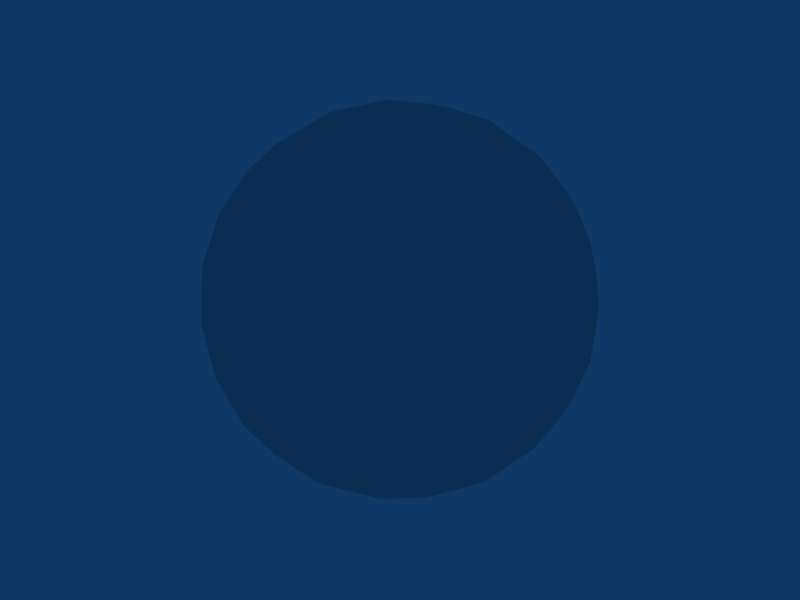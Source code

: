 # Source: sphere.blend  (saved by Blender 2.49.2; exported with 4.5.12 LTS)
import bpy
from mathutils import Matrix  # noqa: F401  (used for matrix-valued properties, if any)

bpy.ops.wm.read_factory_settings(use_empty=True)
scene = bpy.context.scene
scene.name = 'Scene'

# ---- collections
col_collection_1 = bpy.data.collections.new('Collection 1'); scene.collection.children.link(col_collection_1)

# ---- world
world_world = bpy.data.worlds.new('World'); scene.world = world_world
world_world.color = (0.05656, 0.2208, 0.4)
world_world.use_sun_shadow = False
world_world.sun_shadow_jitter_overblur = 0.0
world_world.cycles.sampling_method = 'MANUAL'
world_world.cycles.sample_map_resolution = 256

# ---- meshes
me_sphere = bpy.data.meshes.new('Sphere')
me_sphere.from_pydata([(-2.759e-09, -1.288e-09, -0.5), (0.3618, -0.2629, -0.2236), (-0.1382, -0.4253, -0.2236), (-0.4472, -1.288e-09, -0.2236), (-0.1382, 0.4253, -0.2236), (0.3618, 0.2629, -0.2236), (0.1382, -0.4253, 0.2236), (-0.3618, -0.2629, 0.2236), (-0.3618, 0.2629, 0.2236), (0.1382, 0.4253, 0.2236), (0.4472, -1.288e-09, 0.2236), (-2.759e-09, -1.288e-09, 0.5), (0.2127, -0.1545, -0.4253), (-0.08123, -0.25, -0.4253), (0.1314, -0.4045, -0.2629), (0.2127, 0.1545, -0.4253), (0.4253, -1.288e-09, -0.2629), (-0.2629, -1.288e-09, -0.4253), (-0.3441, -0.25, -0.2629), (-0.08123, 0.25, -0.4253), (-0.3441, 0.25, -0.2629), (0.1314, 0.4045, -0.2629), (0.4755, 0.1545, -1.288e-09), (0.4755, -0.1545, -1.288e-09), (0.2939, -0.4045, -1.288e-09), (-2.759e-09, -0.5, -1.288e-09), (-0.2939, -0.4045, -1.288e-09), (-0.4755, -0.1545, -1.288e-09), (-0.4755, 0.1545, -1.288e-09), (-0.2939, 0.4045, -1.288e-09), (-2.759e-09, 0.5, -1.288e-09), (0.2939, 0.4045, -1.288e-09), (0.3441, -0.25, 0.2629), (-0.1314, -0.4045, 0.2629), (-0.4253, -1.288e-09, 0.2629), (-0.1314, 0.4045, 0.2629), (0.3441, 0.25, 0.2629), (0.2629, -1.288e-09, 0.4253), (0.08123, -0.25, 0.4253), (-0.2127, -0.1545, 0.4253), (-0.2127, 0.1545, 0.4253), (0.08123, 0.25, 0.4253), (0.1105, -0.08031, -0.481), (0.2986, -0.2169, -0.3373), (-0.04222, -0.1299, -0.481), (-0.1141, -0.351, -0.3373), (0.2564, -0.3469, -0.2529), (-0.003513, -0.4313, -0.2529), (0.1105, 0.08031, -0.481), (0.2986, 0.2169, -0.3373), (0.4091, -0.1366, -0.2529), (0.4091, 0.1366, -0.2529), (-0.1366, -1.288e-09, -0.481), (-0.3691, -1.288e-09, -0.3373), (-0.2507, -0.351, -0.2529), (-0.4113, -0.1299, -0.2529), (-0.04222, 0.1299, -0.481), (-0.1141, 0.351, -0.3373), (-0.4113, 0.1299, -0.2529), (-0.2507, 0.351, -0.2529), (-0.003513, 0.4313, -0.2529), (0.2564, 0.3469, -0.2529), (0.4352, 0.2169, -0.1162), (0.4796, 0.08031, 0.1162), (0.4352, -0.2169, -0.1162), (0.4796, -0.08031, 0.1162), (0.3408, -0.3469, -0.1162), (0.2246, -0.4313, 0.1162), (-0.07183, -0.481, -0.1162), (0.07183, -0.481, 0.1162), (-0.2246, -0.4313, -0.1162), (-0.3408, -0.3469, 0.1162), (-0.4796, -0.08031, -0.1162), (-0.4352, -0.2169, 0.1162), (-0.4796, 0.08031, -0.1162), (-0.4352, 0.2169, 0.1162), (-0.2246, 0.4313, -0.1162), (-0.3408, 0.3469, 0.1162), (-0.07183, 0.481, -0.1162), (0.07183, 0.481, 0.1162), (0.3408, 0.3469, -0.1162), (0.2246, 0.4313, 0.1162), (0.2507, -0.351, 0.2529), (0.4113, -0.1299, 0.2529), (0.003513, -0.4313, 0.2529), (-0.2564, -0.3469, 0.2529), (-0.4091, -0.1366, 0.2529), (-0.4091, 0.1366, 0.2529), (-0.2564, 0.3469, 0.2529), (0.003513, 0.4313, 0.2529), (0.2507, 0.351, 0.2529), (0.4113, 0.1299, 0.2529), (0.3691, -1.288e-09, 0.3373), (0.1366, -1.288e-09, 0.481), (0.1141, -0.351, 0.3373), (0.04222, -0.1299, 0.481), (-0.2986, -0.2169, 0.3373), (-0.1105, -0.08031, 0.481), (-0.2986, 0.2169, 0.3373), (-0.1105, 0.08031, 0.481), (0.1141, 0.351, 0.3373), (0.04222, 0.1299, 0.481), (0.1809, -0.2939, -0.3618), (0.0691, -0.2127, -0.4472), (0.0264, -0.3441, -0.3618), (0.3354, -0.08123, -0.3618), (0.2236, -1.288e-09, -0.4472), (0.3354, 0.08123, -0.3618), (-0.2236, -0.2629, -0.3618), (-0.1809, -0.1314, -0.4472), (-0.3191, -0.1314, -0.3618), (-0.3191, 0.1314, -0.3618), (-0.1809, 0.1314, -0.4472), (-0.2236, 0.2629, -0.3618), (0.0264, 0.3441, -0.3618), (0.0691, 0.2127, -0.4472), (0.1809, 0.2939, -0.3618), (0.4736, -0.08123, -0.1382), (0.4736, 0.08123, -0.1382), (0.5, -1.288e-09, -1.288e-09), (0.0691, -0.4755, -0.1382), (0.2236, -0.4253, -0.1382), (0.1545, -0.4755, -1.288e-09), (-0.4309, -0.2127, -0.1382), (-0.3354, -0.3441, -0.1382), (-0.4045, -0.2939, -1.288e-09), (-0.3354, 0.3441, -0.1382), (-0.4309, 0.2127, -0.1382), (-0.4045, 0.2939, -1.288e-09), (0.2236, 0.4253, -0.1382), (0.0691, 0.4755, -0.1382), (0.1545, 0.4755, -1.288e-09), (0.4309, -0.2127, 0.1382), (0.4045, -0.2939, -1.288e-09), (0.3354, -0.3441, 0.1382), (-0.0691, -0.4755, 0.1382), (-0.1545, -0.4755, -1.288e-09), (-0.2236, -0.4253, 0.1382), (-0.4736, -0.08123, 0.1382), (-0.5, -1.288e-09, -1.288e-09), (-0.4736, 0.08123, 0.1382), (-0.2236, 0.4253, 0.1382), (-0.1545, 0.4755, -1.288e-09), (-0.0691, 0.4755, 0.1382), (0.3354, 0.3441, 0.1382), (0.4045, 0.2939, -1.288e-09), (0.4309, 0.2127, 0.1382), (0.2236, -0.2629, 0.3618), (0.3191, -0.1314, 0.3618), (0.1809, -0.1314, 0.4472), (-0.1809, -0.2939, 0.3618), (-0.0264, -0.3441, 0.3618), (-0.0691, -0.2127, 0.4472), (-0.3354, 0.08123, 0.3618), (-0.3354, -0.08123, 0.3618), (-0.2236, -1.288e-09, 0.4472), (-0.0264, 0.3441, 0.3618), (-0.1809, 0.2939, 0.3618), (-0.0691, 0.2127, 0.4472), (0.3191, 0.1314, 0.3618), (0.2236, 0.2629, 0.3618), (0.1809, 0.1314, 0.4472)], [], [(102, 46, 14), (46, 102, 43), (12, 43, 102), (43, 1, 46), (102, 103, 12), (103, 102, 104), (14, 104, 102), (104, 13, 103), (45, 47, 2), (47, 45, 104), (13, 104, 45), (104, 14, 47), (44, 103, 13), (103, 44, 42), (0, 42, 44), (42, 12, 103), (105, 16, 50), (50, 43, 105), (12, 105, 43), (43, 50, 1), (105, 12, 106), (106, 107, 105), (16, 105, 107), (107, 106, 15), (49, 5, 51), (51, 107, 49), (15, 49, 107), (107, 51, 16), (48, 15, 106), (106, 42, 48), (0, 48, 42), (42, 106, 12), (108, 54, 18), (54, 108, 45), (13, 45, 108), (45, 2, 54), (108, 109, 13), (109, 108, 110), (18, 110, 108), (110, 17, 109), (53, 55, 3), (55, 53, 110), (17, 110, 53), (110, 18, 55), (52, 109, 17), (109, 52, 44), (0, 44, 52), (44, 13, 109), (111, 58, 20), (58, 111, 53), (17, 53, 111), (53, 3, 58), (111, 112, 17), (112, 111, 113), (20, 113, 111), (113, 19, 112), (57, 59, 4), (59, 57, 113), (19, 113, 57), (113, 20, 59), (56, 112, 19), (112, 56, 52), (0, 52, 56), (52, 17, 112), (114, 60, 21), (60, 114, 57), (19, 57, 114), (57, 4, 60), (114, 115, 19), (115, 114, 116), (21, 116, 114), (116, 15, 115), (49, 61, 5), (61, 49, 116), (15, 116, 49), (116, 21, 61), (48, 115, 15), (115, 48, 56), (0, 56, 48), (56, 19, 115), (117, 23, 64), (64, 50, 117), (16, 117, 50), (50, 64, 1), (117, 16, 118), (118, 119, 117), (23, 117, 119), (119, 118, 22), (63, 10, 65), (65, 119, 63), (22, 63, 119), (119, 65, 23), (62, 22, 118), (118, 51, 62), (5, 62, 51), (51, 118, 16), (120, 25, 68), (68, 47, 120), (14, 120, 47), (47, 68, 2), (120, 14, 121), (121, 122, 120), (25, 120, 122), (122, 121, 24), (67, 6, 69), (69, 122, 67), (24, 67, 122), (122, 69, 25), (66, 24, 121), (121, 46, 66), (1, 66, 46), (46, 121, 14), (123, 27, 72), (72, 55, 123), (18, 123, 55), (55, 72, 3), (123, 18, 124), (124, 125, 123), (27, 123, 125), (125, 124, 26), (71, 7, 73), (73, 125, 71), (26, 71, 125), (125, 73, 27), (70, 26, 124), (124, 54, 70), (2, 70, 54), (54, 124, 18), (126, 29, 76), (76, 59, 126), (20, 126, 59), (59, 76, 4), (126, 20, 127), (127, 128, 126), (29, 126, 128), (128, 127, 28), (75, 8, 77), (77, 128, 75), (28, 75, 128), (128, 77, 29), (74, 28, 127), (127, 58, 74), (3, 74, 58), (58, 127, 20), (129, 31, 80), (80, 61, 129), (21, 129, 61), (61, 80, 5), (129, 21, 130), (130, 131, 129), (31, 129, 131), (131, 130, 30), (79, 9, 81), (81, 131, 79), (30, 79, 131), (131, 81, 31), (78, 30, 130), (130, 60, 78), (4, 78, 60), (60, 130, 21), (132, 83, 32), (83, 132, 65), (23, 65, 132), (65, 10, 83), (132, 133, 23), (133, 132, 134), (32, 134, 132), (134, 24, 133), (67, 82, 6), (82, 67, 134), (24, 134, 67), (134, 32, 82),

GOAL OF THE EXERCISE. Every line of the listing that includes "cycles" must be shown.

FINISHED EXERCISE.
world_world.cycles.sampling_method = 'MANUAL'
world_world.cycles.sample_map_resolution = 256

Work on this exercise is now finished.